Early on in the uprising, anti-government forces gained control of the town and oil production facilities. Government forces attempted to regain control of the area on 2 March, but were repulsed by the rebels. On 15 March, government forces retook Brega during their initial counter-offensive, as the disorganised rebel forces were crushed by the Loyalist's heavy weapons and air power. On 26 March, after the UN imposed a no-fly zone which removed the threat of Loyalist air attacks, rebels advanced rapidly, taking Brega back from Gaddafi's forces but were quickly forced to retreat after a Loyalist counter-offensive. By 31 March, the frontline had stabilised between Brega and Ajdabiya, with rebel forces launching numerous attacks on the town, which all resulted in hasty retreats. Eventually after pushing the Loyalists back from Ajdabiya, the rebels once again launched an assault on the strategic oil town.

On 16 July 2011, it was reported that the rebels appeared to have taken Brega. However, Reuters later reported ten rebels were killed and 172 wounded, and confirmed that the battle was still ongoing. Rebel radio reports said that after three days of heavy fighting, aided by substantial NATO bombing, rebel units had bypassed the town – cutting off the garrison from its supply lines. Libya's opposition National Transitional Council (NTC) said on 16 July that they were preparing to enter the oil refinery town of Brega "within days", even as they suffered heavy casualties in the offensive. There was heavy NATO bombardment on the morning of 17 July, during which warplanes destroyed a large military vehicle storage area in Tajura, 30 kilometres east of Tripoli, that consisted of several substantial warehouses containing various military vehicles including battle tanks, armoured personnel carriers and ammunition. This was followed by intense street fighting in the town's northeastern area, with the rebels using heavy machine guns. On the morning of 18 July, it was reported that Gaddafi's forces were in full retreat and that the rebels were clearing land mines before securing the entire town. Before midday, the rebels claimed victory in the battle. On 23 July, the rebels were still clearing mines while facing "negligible" resistance from a small remaining force of Gaddafi loyalists.

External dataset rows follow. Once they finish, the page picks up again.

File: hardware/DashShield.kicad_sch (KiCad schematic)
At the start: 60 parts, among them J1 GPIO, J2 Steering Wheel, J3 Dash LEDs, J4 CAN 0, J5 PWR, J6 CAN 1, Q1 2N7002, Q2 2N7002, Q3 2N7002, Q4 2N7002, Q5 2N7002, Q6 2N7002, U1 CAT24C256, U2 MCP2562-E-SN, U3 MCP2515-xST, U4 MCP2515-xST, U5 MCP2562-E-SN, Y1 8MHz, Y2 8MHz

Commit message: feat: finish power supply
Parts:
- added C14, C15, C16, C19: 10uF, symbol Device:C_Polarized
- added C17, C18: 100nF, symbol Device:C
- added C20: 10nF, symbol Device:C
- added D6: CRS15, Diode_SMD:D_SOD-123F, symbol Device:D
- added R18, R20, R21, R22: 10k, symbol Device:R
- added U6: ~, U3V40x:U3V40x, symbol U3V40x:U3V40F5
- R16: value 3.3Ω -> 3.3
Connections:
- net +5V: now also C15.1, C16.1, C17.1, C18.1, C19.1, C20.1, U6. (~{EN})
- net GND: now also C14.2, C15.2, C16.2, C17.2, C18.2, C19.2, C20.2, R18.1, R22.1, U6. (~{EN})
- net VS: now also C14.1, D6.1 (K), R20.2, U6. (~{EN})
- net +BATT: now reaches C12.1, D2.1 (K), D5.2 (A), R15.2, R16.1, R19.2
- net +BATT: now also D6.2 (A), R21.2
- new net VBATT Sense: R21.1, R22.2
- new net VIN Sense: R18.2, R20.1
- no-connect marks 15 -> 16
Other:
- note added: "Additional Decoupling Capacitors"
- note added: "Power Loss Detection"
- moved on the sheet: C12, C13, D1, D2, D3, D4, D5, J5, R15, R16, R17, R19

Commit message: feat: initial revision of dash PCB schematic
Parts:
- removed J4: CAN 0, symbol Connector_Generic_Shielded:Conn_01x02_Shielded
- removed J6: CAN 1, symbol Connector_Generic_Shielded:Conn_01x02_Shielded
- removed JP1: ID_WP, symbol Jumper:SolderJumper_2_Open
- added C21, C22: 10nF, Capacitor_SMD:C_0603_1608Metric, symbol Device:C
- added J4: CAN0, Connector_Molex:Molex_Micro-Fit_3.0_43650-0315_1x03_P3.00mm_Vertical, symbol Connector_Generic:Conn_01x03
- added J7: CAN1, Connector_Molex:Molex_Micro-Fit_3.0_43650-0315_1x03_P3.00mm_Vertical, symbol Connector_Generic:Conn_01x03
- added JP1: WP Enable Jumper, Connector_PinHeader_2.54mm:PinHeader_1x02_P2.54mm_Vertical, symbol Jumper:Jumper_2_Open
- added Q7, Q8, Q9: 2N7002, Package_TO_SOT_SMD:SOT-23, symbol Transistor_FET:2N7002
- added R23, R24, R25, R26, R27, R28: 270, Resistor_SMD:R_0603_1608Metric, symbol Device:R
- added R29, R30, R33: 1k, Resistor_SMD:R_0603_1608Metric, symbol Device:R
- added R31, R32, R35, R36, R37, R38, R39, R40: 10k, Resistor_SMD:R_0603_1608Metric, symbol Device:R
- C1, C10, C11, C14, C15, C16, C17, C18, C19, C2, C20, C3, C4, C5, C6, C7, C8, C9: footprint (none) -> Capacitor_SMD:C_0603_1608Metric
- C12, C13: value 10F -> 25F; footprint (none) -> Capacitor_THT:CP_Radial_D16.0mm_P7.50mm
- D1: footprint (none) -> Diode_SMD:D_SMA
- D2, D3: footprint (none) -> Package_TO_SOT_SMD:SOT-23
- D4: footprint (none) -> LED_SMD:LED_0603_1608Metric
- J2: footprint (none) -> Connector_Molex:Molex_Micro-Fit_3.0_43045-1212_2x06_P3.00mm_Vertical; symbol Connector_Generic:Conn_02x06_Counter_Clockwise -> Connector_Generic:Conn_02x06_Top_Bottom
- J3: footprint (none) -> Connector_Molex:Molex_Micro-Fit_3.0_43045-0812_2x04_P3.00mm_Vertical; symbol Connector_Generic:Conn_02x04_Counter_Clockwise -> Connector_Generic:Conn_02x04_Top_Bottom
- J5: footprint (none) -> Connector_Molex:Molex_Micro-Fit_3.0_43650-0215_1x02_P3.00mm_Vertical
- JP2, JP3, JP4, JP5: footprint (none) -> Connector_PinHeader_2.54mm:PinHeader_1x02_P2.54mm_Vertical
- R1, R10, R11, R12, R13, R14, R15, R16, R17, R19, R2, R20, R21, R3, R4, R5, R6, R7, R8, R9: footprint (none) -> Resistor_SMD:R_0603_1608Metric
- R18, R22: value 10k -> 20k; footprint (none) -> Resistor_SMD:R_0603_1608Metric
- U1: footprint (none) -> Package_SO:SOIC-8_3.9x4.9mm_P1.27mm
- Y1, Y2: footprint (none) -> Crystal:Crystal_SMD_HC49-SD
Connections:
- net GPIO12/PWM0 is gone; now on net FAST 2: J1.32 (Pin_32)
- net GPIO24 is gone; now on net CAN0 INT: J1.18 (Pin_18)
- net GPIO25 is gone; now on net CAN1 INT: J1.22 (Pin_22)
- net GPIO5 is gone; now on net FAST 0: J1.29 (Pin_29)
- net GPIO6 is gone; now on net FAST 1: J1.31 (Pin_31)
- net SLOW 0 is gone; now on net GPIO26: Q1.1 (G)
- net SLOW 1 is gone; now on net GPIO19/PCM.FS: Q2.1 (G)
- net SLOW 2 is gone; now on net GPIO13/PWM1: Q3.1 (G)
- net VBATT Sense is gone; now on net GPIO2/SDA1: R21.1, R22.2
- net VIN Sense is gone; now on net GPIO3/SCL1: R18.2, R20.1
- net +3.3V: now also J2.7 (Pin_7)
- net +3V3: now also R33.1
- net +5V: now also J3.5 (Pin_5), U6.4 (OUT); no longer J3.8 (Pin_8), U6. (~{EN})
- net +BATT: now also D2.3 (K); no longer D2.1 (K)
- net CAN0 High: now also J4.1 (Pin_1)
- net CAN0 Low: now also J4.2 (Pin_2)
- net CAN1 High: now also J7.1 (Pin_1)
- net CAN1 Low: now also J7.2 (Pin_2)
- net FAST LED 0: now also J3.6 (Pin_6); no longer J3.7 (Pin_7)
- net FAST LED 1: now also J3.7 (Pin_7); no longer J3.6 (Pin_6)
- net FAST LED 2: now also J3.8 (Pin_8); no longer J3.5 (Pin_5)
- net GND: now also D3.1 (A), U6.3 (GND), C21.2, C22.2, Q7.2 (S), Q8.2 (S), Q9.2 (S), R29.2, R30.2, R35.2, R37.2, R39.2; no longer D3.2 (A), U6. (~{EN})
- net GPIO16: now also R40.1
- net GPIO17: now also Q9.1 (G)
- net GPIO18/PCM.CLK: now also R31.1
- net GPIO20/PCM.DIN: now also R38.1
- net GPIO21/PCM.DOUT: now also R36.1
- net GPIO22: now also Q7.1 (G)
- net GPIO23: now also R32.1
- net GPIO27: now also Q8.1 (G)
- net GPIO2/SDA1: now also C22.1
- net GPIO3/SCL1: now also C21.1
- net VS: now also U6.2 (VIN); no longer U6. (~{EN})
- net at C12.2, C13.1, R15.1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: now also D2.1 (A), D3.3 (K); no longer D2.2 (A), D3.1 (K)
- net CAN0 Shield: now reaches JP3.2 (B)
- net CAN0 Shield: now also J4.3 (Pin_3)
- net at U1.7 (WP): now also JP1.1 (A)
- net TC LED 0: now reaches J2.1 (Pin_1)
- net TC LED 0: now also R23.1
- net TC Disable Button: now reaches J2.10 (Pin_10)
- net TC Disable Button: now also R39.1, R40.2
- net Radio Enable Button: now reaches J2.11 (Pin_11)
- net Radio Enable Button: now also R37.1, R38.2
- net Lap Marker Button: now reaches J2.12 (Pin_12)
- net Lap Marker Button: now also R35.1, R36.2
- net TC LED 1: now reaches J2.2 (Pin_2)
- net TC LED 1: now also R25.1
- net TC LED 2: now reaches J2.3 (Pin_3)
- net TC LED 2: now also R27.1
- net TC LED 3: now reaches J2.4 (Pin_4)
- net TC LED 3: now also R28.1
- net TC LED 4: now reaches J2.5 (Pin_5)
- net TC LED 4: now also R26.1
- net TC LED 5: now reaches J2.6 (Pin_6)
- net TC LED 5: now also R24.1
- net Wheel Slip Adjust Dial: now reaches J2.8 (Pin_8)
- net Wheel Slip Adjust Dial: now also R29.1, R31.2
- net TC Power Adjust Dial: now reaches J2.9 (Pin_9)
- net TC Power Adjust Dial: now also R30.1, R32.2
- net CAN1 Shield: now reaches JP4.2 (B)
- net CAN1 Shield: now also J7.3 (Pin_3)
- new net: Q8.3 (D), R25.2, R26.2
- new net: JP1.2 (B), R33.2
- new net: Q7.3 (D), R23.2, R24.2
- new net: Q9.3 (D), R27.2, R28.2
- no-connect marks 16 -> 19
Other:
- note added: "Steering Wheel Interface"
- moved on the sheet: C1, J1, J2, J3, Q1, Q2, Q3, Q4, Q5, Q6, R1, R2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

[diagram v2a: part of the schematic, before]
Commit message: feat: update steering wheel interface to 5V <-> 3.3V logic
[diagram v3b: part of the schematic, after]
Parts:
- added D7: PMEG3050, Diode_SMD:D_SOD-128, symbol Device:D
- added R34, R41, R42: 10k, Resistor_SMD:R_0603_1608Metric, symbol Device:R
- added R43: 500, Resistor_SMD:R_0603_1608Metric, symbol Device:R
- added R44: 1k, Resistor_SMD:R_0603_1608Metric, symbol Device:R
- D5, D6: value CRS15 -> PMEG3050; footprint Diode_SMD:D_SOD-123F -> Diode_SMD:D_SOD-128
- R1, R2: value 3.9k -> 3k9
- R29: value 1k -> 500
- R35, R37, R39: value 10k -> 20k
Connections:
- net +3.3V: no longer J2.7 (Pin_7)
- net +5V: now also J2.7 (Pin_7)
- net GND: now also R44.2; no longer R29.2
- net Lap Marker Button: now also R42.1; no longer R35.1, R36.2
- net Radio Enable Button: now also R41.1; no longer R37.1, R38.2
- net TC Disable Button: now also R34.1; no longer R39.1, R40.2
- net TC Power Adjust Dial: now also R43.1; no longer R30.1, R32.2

According to the local council, the eastern part of the town of Brega was controlled by the AGF by 11 August, and by 17 August all three zones of Brega (residential, oil refinery, administrative) were under the control of the AGF. The UN Inter-Agency mission to Brega on 8 September accessed the residential (Old Brega) zone and visited the heavily damaged Al-Najm University of Technology. Population slowly started to return, although most of the inhabitants remained for a while living outside of Brega (i.e. in Ajdabiya) and commuting daily to check on their property and houses.

===Other events===
On 13 January 2000, a Short 360 aircraft leased by the Sirte Oil Company crashed 21 km off the coast, resulting in 22 fatalities. The crash is thought to have occurred after the plane's engines were flooded with melting ice, after failure to engage the aircraft's ice protection system.

==Industry==
The town is the site of an important oil refinery and serves as a major export hub for Libyan oil, being one of five oil terminals in the eastern half of Libya. The oil refinery belongs to and is run by Sirte Oil Company, a subsidiary of the state-owned National Oil Corporation (NOC). Sirte Oil Company is based in Brega. During the 1960s and 1970s, it was run in partnership with the international oil company Esso. By the early 80’s, Esso had left, passing full control over to the Sirte Oil Company.

During the Libyan civil war, oil export and activities at the oil refinery have been brought to a standstill. By the end of February, throughput at the oil terminal had diminished from 90,000 barrels of crude oil daily to a mere 11,000. Many employees at the terminal had left, following rumours that the regime of Muammar Gaddafi was going to bomb the plant.

Brega is the starting point of the 670 km Brega-Khoms Intisar gas pipeline.

==Transportation==
During Libyan Civil War 2011, Marsa Brega Airport was damaged and inoperable. Marsa Brega Airport resumed operation in December 2013.